- **Exercise goal**
Every line from the one with "#77=VERTEX_POINT('',#76);" to the one with "#101=VERTEX_POINT('',#100);", including those two, is to be copied exactly; all other lines of the entries below are left out.
--------------------------------------------------
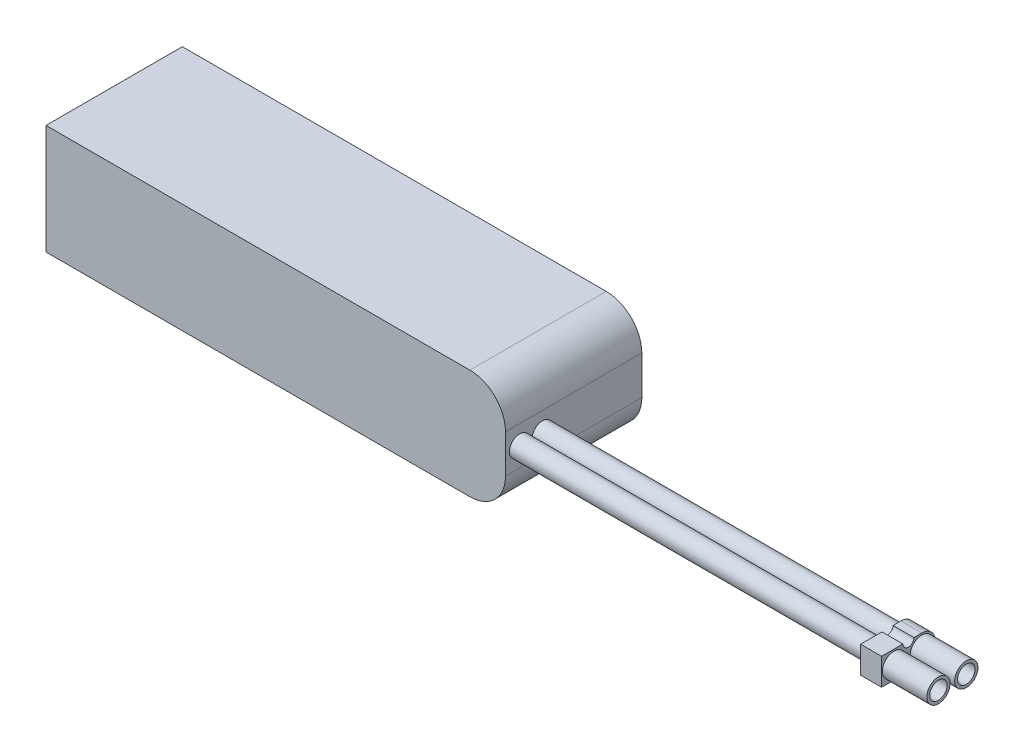
ISO-10303-21;
HEADER;
FILE_DESCRIPTION(('STEP AP214'),'2;1');
FILE_NAME('part.step','',(''),(''),'','','');
FILE_SCHEMA(('AUTOMOTIVE_DESIGN { 1 0 10303 214 1 1 1 1 }'));
ENDSEC;
DATA;
#1=APPLICATION_CONTEXT('core data for automotive mechanical design processes');
#2=APPLICATION_PROTOCOL_DEFINITION('international standard','automotive_design',2000,#1);
#3=PRODUCT_CONTEXT('',#1,'mechanical');
#4=PRODUCT('Part','Part','',(#3));
#5=PRODUCT_RELATED_PRODUCT_CATEGORY('part','',(#4));
#6=PRODUCT_DEFINITION_FORMATION('','',#4);
#7=PRODUCT_DEFINITION_CONTEXT('part definition',#1,'design');
#8=PRODUCT_DEFINITION('design','',#6,#7);
#9=PRODUCT_DEFINITION_SHAPE('','',#8);
#10=(LENGTH_UNIT() NAMED_UNIT(*) SI_UNIT(.MILLI.,.METRE.));
#11=(NAMED_UNIT(*) PLANE_ANGLE_UNIT() SI_UNIT($,.RADIAN.));
#12=(NAMED_UNIT(*) SI_UNIT($,.STERADIAN.) SOLID_ANGLE_UNIT());
#13=UNCERTAINTY_MEASURE_WITH_UNIT(LENGTH_MEASURE(1.E-05),#10,'distance_accuracy_value','');
#14=(GEOMETRIC_REPRESENTATION_CONTEXT(3) GLOBAL_UNCERTAINTY_ASSIGNED_CONTEXT((#13)) GLOBAL_UNIT_ASSIGNED_CONTEXT((#10,
#11,#12)) REPRESENTATION_CONTEXT('',''));
#15=CARTESIAN_POINT('',(0.,0.,0.));
#16=DIRECTION('',(0.,0.,1.));
#17=DIRECTION('',(1.,0.,0.));
#18=AXIS2_PLACEMENT_3D('',#15,#16,#17);
#19=CARTESIAN_POINT('',(-77.5,-18.5,23.));
#20=DIRECTION('',(1.,0.,0.));
#21=DIRECTION('',(0.,0.,-1.));
#22=AXIS2_PLACEMENT_3D('',#19,#20,#21);
#23=PLANE('',#22);
#24=DIRECTION('',(0.,-1.,0.));
#25=VECTOR('',#24,1.);
#26=CARTESIAN_POINT('',(-77.5,-18.5,-23.));
#27=LINE('',#26,#25);
#28=CARTESIAN_POINT('',(-77.5,18.5,-23.));
#29=VERTEX_POINT('',#28);
#30=CARTESIAN_POINT('',(-77.5,-18.5,-23.));
#31=VERTEX_POINT('',#30);
#32=EDGE_CURVE('E163',#29,#31,#27,.T.);
#33=ORIENTED_EDGE('',*,*,#32,.T.);
#34=DIRECTION('',(0.,0.,-1.));
#35=VECTOR('',#34,1.);
#36=CARTESIAN_POINT('',(-77.5,-18.5,23.));
#37=LINE('',#36,#35);
#38=CARTESIAN_POINT('',(-77.5,-18.5,23.));
#39=VERTEX_POINT('',#38);
#40=EDGE_CURVE('E199',#39,#31,#37,.T.);
#41=ORIENTED_EDGE('',*,*,#40,.F.);
#42=DIRECTION('',(0.,-1.,0.));
#43=VECTOR('',#42,1.);
#44=CARTESIAN_POINT('',(-77.5,-18.5,23.));
#45=LINE('',#44,#43);
#46=CARTESIAN_POINT('',(-77.5,18.5,23.));
#47=VERTEX_POINT('',#46);
#48=EDGE_CURVE('E169',#47,#39,#45,.T.);
#49=ORIENTED_EDGE('',*,*,#48,.F.);
#50=DIRECTION('',(0.,0.,-1.));
#51=VECTOR('',#50,1.);
#52=CARTESIAN_POINT('',(-77.5,18.5,23.));
#53=LINE('',#52,#51);
#54=EDGE_CURVE('E183',#47,#29,#53,.T.);
#55=ORIENTED_EDGE('',*,*,#54,.T.);
#56=EDGE_LOOP('',(#33,#41,#49,#55));
#57=FACE_BOUND('',#56,.T.);
#58=ADVANCED_FACE('F39',(#57),#23,.F.);
#59=CARTESIAN_POINT('',(77.5,-18.5,23.));
#60=DIRECTION('',(0.,1.,0.));
#61=DIRECTION('',(-1.,0.,0.));
#62=AXIS2_PLACEMENT_3D('',#59,#60,#61);
#63=PLANE('',#62);
#64=DIRECTION('',(1.,0.,0.));
#65=VECTOR('',#64,1.);
#66=CARTESIAN_POINT('',(77.5,-18.5,-23.));
#67=LINE('',#66,#65);
#68=CARTESIAN_POINT('',(65.5,-18.5,-23.));
#69=VERTEX_POINT('',#68);
#70=EDGE_CURVE('E187',#31,#69,#67,.T.);
#71=ORIENTED_EDGE('',*,*,#70,.T.);
#72=DIRECTION('',(0.,0.,-1.));
#73=VECTOR('',#72,1.);
#74=CARTESIAN_POINT('',(65.5,-18.5,23.));
#75=LINE('',#74,#73);
#76=CARTESIAN_POINT('',(65.5,-18.5,23.));
#77=VERTEX_POINT('',#76);
#78=EDGE_CURVE('E63',#69,#77,#75,.F.);
#79=ORIENTED_EDGE('',*,*,#78,.T.);
#80=DIRECTION('',(1.,0.,0.));
#81=VECTOR('',#80,1.);
#82=CARTESIAN_POINT('',(77.5,-18.5,23.));
#83=LINE('',#82,#81);
#84=EDGE_CURVE('E173',#39,#77,#83,.T.);
#85=ORIENTED_EDGE('',*,*,#84,.F.);
#86=ORIENTED_EDGE('',*,*,#40,.T.);
#87=EDGE_LOOP('',(#71,#79,#85,#86));
#88=FACE_BOUND('',#87,.T.);
#89=ADVANCED_FACE('F319',(#88),#63,.F.);
#90=CARTESIAN_POINT('',(77.5,-18.5,23.));
#91=DIRECTION('',(-1.,0.,0.));
#92=DIRECTION('',(0.,0.,1.));
#93=AXIS2_PLACEMENT_3D('',#90,#91,#92);
#94=PLANE('',#93);
#95=CARTESIAN_POINT('',(77.5,0.,10.5298555470341));
#96=DIRECTION('',(-1.,0.,0.));
#97=DIRECTION('',(0.,0.,1.));
#98=AXIS2_PLACEMENT_3D('',#95,#96,#97);
#99=CIRCLE('',#98,3.47484062640741);
#100=CARTESIAN_POINT('',(77.5,0.,14.0046961734415));
#101=VERTEX_POINT('',#100);
#102=EDGE_CURVE('E234',#101,#101,#99,.F.);
#103=ORIENTED_EDGE('',*,*,#102,.F.);
#104=EDGE_LOOP('',(#103));
#105=FACE_BOUND('',#104,.T.);
#106=CARTESIAN_POINT('',(77.5,0.,18.2062696905234));
#107=DIRECTION('',(-1.,0.,0.));
#108=DIRECTION('',(0.,0.,1.));
#109=AXIS2_PLACEMENT_3D('',#106,#107,#108);
#110=CIRCLE('',#109,3.4846725245643);
#111=CARTESIAN_POINT('',(77.5,0.,21.6909422150877));
#112=VERTEX_POINT('',#111);
#113=EDGE_CURVE('E227',#112,#112,#110,.F.);
#114=ORIENTED_EDGE('',*,*,#113,.F.);
#115=EDGE_LOOP('',(#114));
#116=FACE_BOUND('',#115,.T.);
#117=DIRECTION('',(0.,1.,0.));
#118=VECTOR('',#117,1.);
#119=CARTESIAN_POINT('',(77.5,-18.5,23.));
#120=LINE('',#119,#118);
#121=CARTESIAN_POINT('',(77.5,-6.49999999999999,23.));
#122=VERTEX_POINT('',#121);
#123=CARTESIAN_POINT('',(77.5,6.50000000000001,23.));
#124=VERTEX_POINT('',#123);
#125=EDGE_CURVE('E177',#122,#124,#120,.T.);
#126=ORIENTED_EDGE('',*,*,#125,.F.);
#127=DIRECTION('',(0.,0.,-1.));
#128=VECTOR('',#127,1.);
#129=CARTESIAN_POINT('',(77.5,-6.49999999999999,23.));
#130=LINE('',#129,#128);
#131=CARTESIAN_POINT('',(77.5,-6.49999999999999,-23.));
--------------------------------------------------
- **Answer space**
#77=VERTEX_POINT('',#76);
#78=EDGE_CURVE('E63',#69,#77,#75,.F.);
#79=ORIENTED_EDGE('',*,*,#78,.T.);
#80=DIRECTION('',(1.,0.,0.));
#81=VECTOR('',#80,1.);
#82=CARTESIAN_POINT('',(77.5,-18.5,23.));
#83=LINE('',#82,#81);
#84=EDGE_CURVE('E173',#39,#77,#83,.T.);
#85=ORIENTED_EDGE('',*,*,#84,.F.);
#86=ORIENTED_EDGE('',*,*,#40,.T.);
#87=EDGE_LOOP('',(#71,#79,#85,#86));
#88=FACE_BOUND('',#87,.T.);
#89=ADVANCED_FACE('F319',(#88),#63,.F.);
#90=CARTESIAN_POINT('',(77.5,-18.5,23.));
#91=DIRECTION('',(-1.,0.,0.));
#92=DIRECTION('',(0.,0.,1.));
#93=AXIS2_PLACEMENT_3D('',#90,#91,#92);
#94=PLANE('',#93);
#95=CARTESIAN_POINT('',(77.5,0.,10.5298555470341));
#96=DIRECTION('',(-1.,0.,0.));
#97=DIRECTION('',(0.,0.,1.));
#98=AXIS2_PLACEMENT_3D('',#95,#96,#97);
#99=CIRCLE('',#98,3.47484062640741);
#100=CARTESIAN_POINT('',(77.5,0.,14.0046961734415));
#101=VERTEX_POINT('',#100);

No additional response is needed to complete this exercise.